Once the line with "#8526 = LINE ( 'NONE', #25715, #24823 ) ;" is found in the entries below, repeat it and each following line exactly, up to and including the line with "#14607 = CARTESIAN_POINT". Add no other lines.

START SOURCE RECORDS

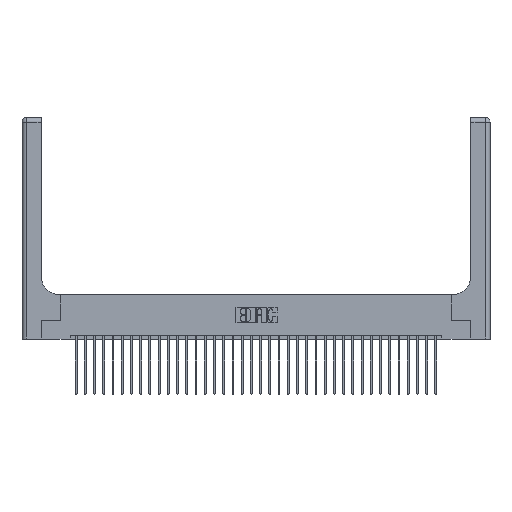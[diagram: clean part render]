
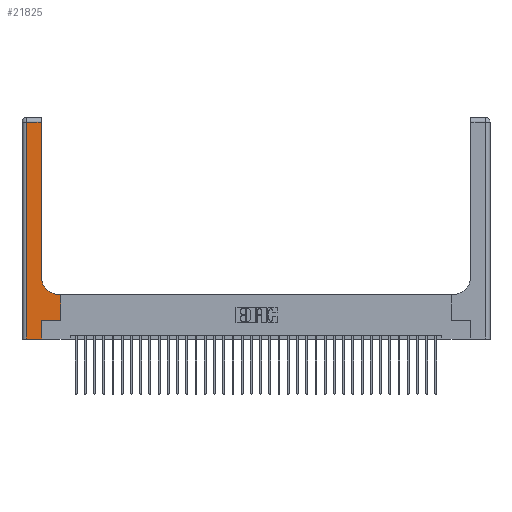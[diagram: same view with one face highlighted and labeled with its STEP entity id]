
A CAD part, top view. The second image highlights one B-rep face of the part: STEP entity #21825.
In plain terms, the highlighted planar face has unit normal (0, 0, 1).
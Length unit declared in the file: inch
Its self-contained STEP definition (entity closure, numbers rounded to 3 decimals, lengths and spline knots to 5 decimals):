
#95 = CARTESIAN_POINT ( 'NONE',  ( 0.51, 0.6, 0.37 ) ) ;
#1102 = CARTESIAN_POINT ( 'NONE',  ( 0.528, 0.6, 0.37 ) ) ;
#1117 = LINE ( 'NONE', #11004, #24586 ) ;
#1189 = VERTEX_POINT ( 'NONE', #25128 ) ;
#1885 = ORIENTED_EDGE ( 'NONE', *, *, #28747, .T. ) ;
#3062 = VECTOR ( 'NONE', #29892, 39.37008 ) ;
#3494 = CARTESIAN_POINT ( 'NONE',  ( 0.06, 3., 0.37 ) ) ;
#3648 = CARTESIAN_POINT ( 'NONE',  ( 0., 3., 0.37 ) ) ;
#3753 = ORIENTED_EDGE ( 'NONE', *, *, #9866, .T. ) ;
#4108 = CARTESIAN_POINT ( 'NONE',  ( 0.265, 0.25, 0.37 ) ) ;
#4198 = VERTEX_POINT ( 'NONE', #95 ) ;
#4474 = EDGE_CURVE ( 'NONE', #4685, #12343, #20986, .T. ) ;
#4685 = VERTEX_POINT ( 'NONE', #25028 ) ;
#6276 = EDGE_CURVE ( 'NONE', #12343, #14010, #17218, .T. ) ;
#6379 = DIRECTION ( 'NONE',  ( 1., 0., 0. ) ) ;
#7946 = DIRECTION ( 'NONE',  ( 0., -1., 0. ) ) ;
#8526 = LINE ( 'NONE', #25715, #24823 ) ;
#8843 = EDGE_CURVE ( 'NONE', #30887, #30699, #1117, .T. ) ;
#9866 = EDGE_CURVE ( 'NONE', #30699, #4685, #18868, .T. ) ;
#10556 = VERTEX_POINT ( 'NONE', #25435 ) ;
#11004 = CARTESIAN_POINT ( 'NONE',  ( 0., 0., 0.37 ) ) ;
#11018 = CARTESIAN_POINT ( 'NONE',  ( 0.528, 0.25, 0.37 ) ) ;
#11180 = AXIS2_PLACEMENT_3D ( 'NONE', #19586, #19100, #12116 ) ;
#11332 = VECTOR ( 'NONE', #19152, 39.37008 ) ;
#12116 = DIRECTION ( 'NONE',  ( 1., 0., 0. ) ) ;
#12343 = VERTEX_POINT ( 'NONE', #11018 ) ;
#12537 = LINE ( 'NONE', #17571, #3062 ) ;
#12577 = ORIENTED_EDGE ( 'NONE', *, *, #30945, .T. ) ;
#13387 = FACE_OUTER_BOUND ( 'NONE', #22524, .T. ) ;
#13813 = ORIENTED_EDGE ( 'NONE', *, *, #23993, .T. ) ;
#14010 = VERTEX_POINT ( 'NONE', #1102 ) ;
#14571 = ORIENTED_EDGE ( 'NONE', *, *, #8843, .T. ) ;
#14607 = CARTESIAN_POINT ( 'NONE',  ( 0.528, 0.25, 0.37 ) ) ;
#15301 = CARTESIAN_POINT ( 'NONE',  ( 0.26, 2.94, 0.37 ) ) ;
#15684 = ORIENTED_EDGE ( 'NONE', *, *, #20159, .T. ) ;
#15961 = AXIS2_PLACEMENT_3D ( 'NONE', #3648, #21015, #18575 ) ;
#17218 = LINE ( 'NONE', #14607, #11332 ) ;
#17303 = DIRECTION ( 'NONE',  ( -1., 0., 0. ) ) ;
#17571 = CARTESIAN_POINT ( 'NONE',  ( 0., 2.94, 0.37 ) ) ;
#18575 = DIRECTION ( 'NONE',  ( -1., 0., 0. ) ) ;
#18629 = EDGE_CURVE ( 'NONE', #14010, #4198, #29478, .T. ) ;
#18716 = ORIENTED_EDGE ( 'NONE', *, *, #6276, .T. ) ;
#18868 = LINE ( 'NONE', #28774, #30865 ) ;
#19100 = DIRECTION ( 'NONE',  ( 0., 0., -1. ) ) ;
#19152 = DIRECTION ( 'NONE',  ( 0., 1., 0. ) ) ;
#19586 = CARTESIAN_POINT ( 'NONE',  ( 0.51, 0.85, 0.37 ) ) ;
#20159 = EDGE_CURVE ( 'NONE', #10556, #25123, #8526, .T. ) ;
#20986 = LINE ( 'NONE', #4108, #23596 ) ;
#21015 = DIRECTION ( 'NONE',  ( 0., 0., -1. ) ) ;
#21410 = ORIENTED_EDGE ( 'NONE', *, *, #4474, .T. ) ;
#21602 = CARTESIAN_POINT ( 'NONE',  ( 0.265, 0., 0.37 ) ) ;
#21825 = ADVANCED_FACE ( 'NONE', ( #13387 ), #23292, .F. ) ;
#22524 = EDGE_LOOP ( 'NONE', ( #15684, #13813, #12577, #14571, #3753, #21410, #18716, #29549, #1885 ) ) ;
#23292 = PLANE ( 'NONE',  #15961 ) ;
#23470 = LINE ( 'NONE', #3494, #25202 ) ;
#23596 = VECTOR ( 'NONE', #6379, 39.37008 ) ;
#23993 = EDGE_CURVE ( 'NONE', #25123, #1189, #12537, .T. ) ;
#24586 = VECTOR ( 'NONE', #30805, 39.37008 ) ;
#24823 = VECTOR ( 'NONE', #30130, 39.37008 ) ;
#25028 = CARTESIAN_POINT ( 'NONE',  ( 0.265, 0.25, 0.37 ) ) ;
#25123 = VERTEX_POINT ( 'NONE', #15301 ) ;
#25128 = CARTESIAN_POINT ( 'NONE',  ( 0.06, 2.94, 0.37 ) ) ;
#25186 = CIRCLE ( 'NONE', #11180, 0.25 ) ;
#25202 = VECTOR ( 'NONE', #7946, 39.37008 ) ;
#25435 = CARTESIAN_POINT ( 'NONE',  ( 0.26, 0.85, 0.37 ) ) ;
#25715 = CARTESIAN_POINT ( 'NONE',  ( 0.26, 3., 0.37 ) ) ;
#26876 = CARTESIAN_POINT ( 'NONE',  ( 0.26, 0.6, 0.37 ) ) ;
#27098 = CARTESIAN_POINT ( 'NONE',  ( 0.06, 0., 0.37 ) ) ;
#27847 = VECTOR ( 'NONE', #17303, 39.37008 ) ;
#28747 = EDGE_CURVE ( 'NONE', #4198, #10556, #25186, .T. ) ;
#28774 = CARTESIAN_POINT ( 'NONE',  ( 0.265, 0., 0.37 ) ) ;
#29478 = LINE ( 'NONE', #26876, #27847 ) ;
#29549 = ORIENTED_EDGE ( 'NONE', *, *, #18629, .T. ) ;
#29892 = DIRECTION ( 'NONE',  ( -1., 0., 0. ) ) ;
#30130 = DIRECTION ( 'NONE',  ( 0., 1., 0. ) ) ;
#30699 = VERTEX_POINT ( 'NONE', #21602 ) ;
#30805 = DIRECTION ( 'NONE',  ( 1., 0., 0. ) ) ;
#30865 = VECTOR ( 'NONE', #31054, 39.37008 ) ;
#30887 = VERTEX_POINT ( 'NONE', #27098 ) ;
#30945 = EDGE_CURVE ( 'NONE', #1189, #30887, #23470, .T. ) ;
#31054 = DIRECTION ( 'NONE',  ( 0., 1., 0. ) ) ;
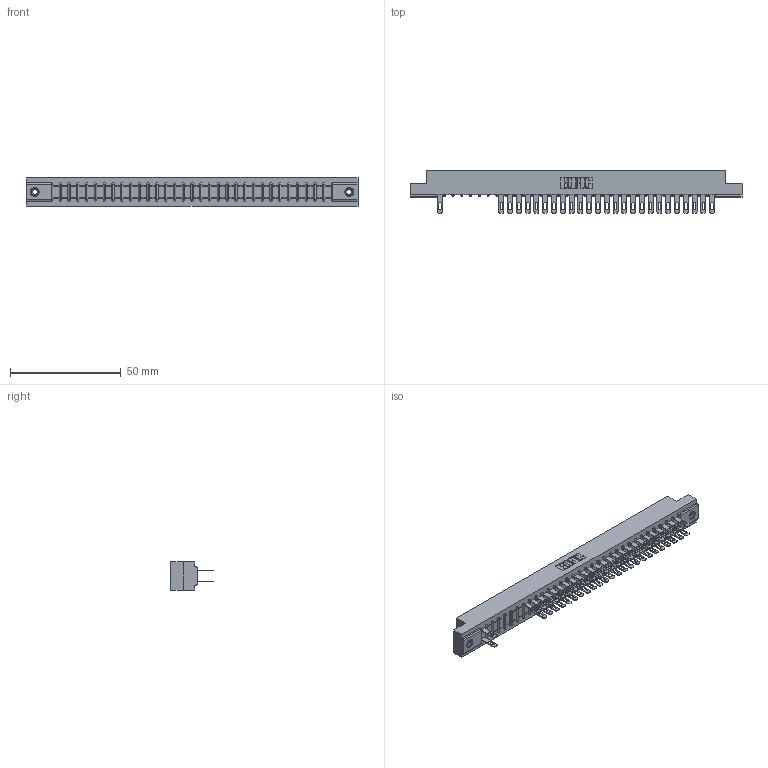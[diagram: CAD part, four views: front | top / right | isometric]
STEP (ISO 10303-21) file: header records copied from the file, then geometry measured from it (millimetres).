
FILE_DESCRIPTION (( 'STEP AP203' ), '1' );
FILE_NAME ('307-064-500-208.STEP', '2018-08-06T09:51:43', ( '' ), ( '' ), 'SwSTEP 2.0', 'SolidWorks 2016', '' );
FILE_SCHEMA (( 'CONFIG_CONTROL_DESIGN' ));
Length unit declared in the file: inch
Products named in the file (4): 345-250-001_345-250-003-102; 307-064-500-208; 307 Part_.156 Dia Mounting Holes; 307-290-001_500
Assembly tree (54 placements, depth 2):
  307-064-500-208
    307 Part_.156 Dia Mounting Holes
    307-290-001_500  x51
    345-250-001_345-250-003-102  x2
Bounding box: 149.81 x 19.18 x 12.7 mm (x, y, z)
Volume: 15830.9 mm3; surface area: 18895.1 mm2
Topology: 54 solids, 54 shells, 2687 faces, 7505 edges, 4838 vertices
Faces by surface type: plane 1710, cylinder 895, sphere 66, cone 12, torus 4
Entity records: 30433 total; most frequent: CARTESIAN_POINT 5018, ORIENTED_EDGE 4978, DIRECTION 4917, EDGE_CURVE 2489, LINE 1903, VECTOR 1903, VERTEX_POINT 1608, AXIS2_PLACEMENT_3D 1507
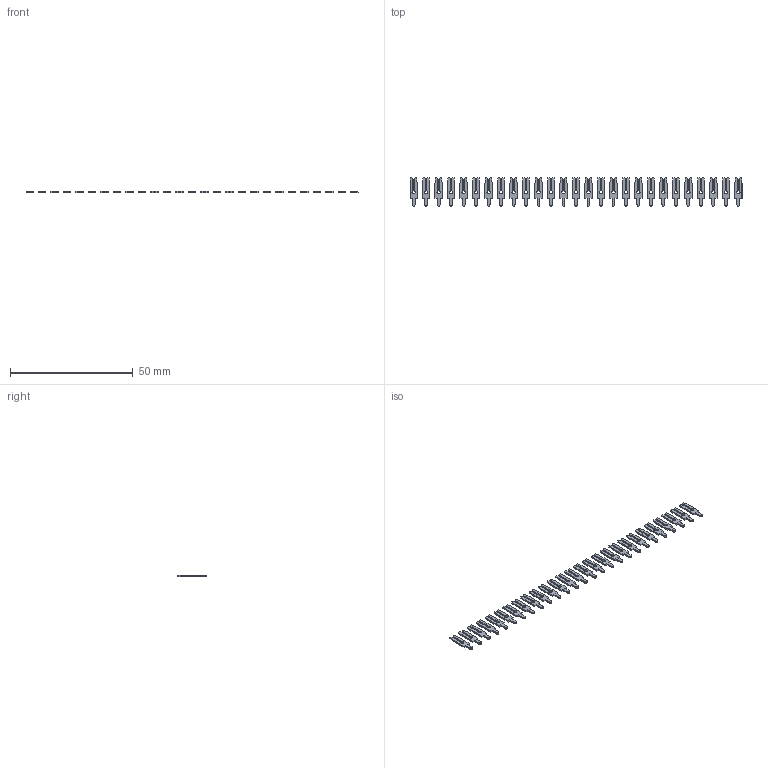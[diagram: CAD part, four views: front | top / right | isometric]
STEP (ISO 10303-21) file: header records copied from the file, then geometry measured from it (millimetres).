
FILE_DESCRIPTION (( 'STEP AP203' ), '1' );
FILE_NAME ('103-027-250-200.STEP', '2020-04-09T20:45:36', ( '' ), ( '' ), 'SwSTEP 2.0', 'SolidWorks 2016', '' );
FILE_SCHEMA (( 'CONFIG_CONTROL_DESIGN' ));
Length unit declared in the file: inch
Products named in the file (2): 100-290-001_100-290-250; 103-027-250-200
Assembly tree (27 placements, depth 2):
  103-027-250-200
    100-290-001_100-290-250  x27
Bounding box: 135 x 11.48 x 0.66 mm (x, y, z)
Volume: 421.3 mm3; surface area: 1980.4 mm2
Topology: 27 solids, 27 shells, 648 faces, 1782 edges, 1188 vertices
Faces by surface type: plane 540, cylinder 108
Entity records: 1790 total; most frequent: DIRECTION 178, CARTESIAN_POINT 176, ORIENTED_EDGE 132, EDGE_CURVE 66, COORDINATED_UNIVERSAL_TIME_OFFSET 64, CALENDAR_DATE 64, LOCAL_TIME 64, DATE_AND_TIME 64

END SOURCE RECORDS

_OUTPUT BELOW_
#8526 = LINE ( 'NONE', #25715, #24823 ) ;
#8843 = EDGE_CURVE ( 'NONE', #30887, #30699, #1117, .T. ) ;
#9866 = EDGE_CURVE ( 'NONE', #30699, #4685, #18868, .T. ) ;
#10556 = VERTEX_POINT ( 'NONE', #25435 ) ;
#11004 = CARTESIAN_POINT ( 'NONE',  ( 0., 0., 0.37 ) ) ;
#11018 = CARTESIAN_POINT ( 'NONE',  ( 0.528, 0.25, 0.37 ) ) ;
#11180 = AXIS2_PLACEMENT_3D ( 'NONE', #19586, #19100, #12116 ) ;
#11332 = VECTOR ( 'NONE', #19152, 39.37008 ) ;
#12116 = DIRECTION ( 'NONE',  ( 1., 0., 0. ) ) ;
#12343 = VERTEX_POINT ( 'NONE', #11018 ) ;
#12537 = LINE ( 'NONE', #17571, #3062 ) ;
#12577 = ORIENTED_EDGE ( 'NONE', *, *, #30945, .T. ) ;
#13387 = FACE_OUTER_BOUND ( 'NONE', #22524, .T. ) ;
#13813 = ORIENTED_EDGE ( 'NONE', *, *, #23993, .T. ) ;
#14010 = VERTEX_POINT ( 'NONE', #1102 ) ;
#14571 = ORIENTED_EDGE ( 'NONE', *, *, #8843, .T. ) ;
#14607 = CARTESIAN_POINT ( 'NONE',  ( 0.528, 0.25, 0.37 ) ) ;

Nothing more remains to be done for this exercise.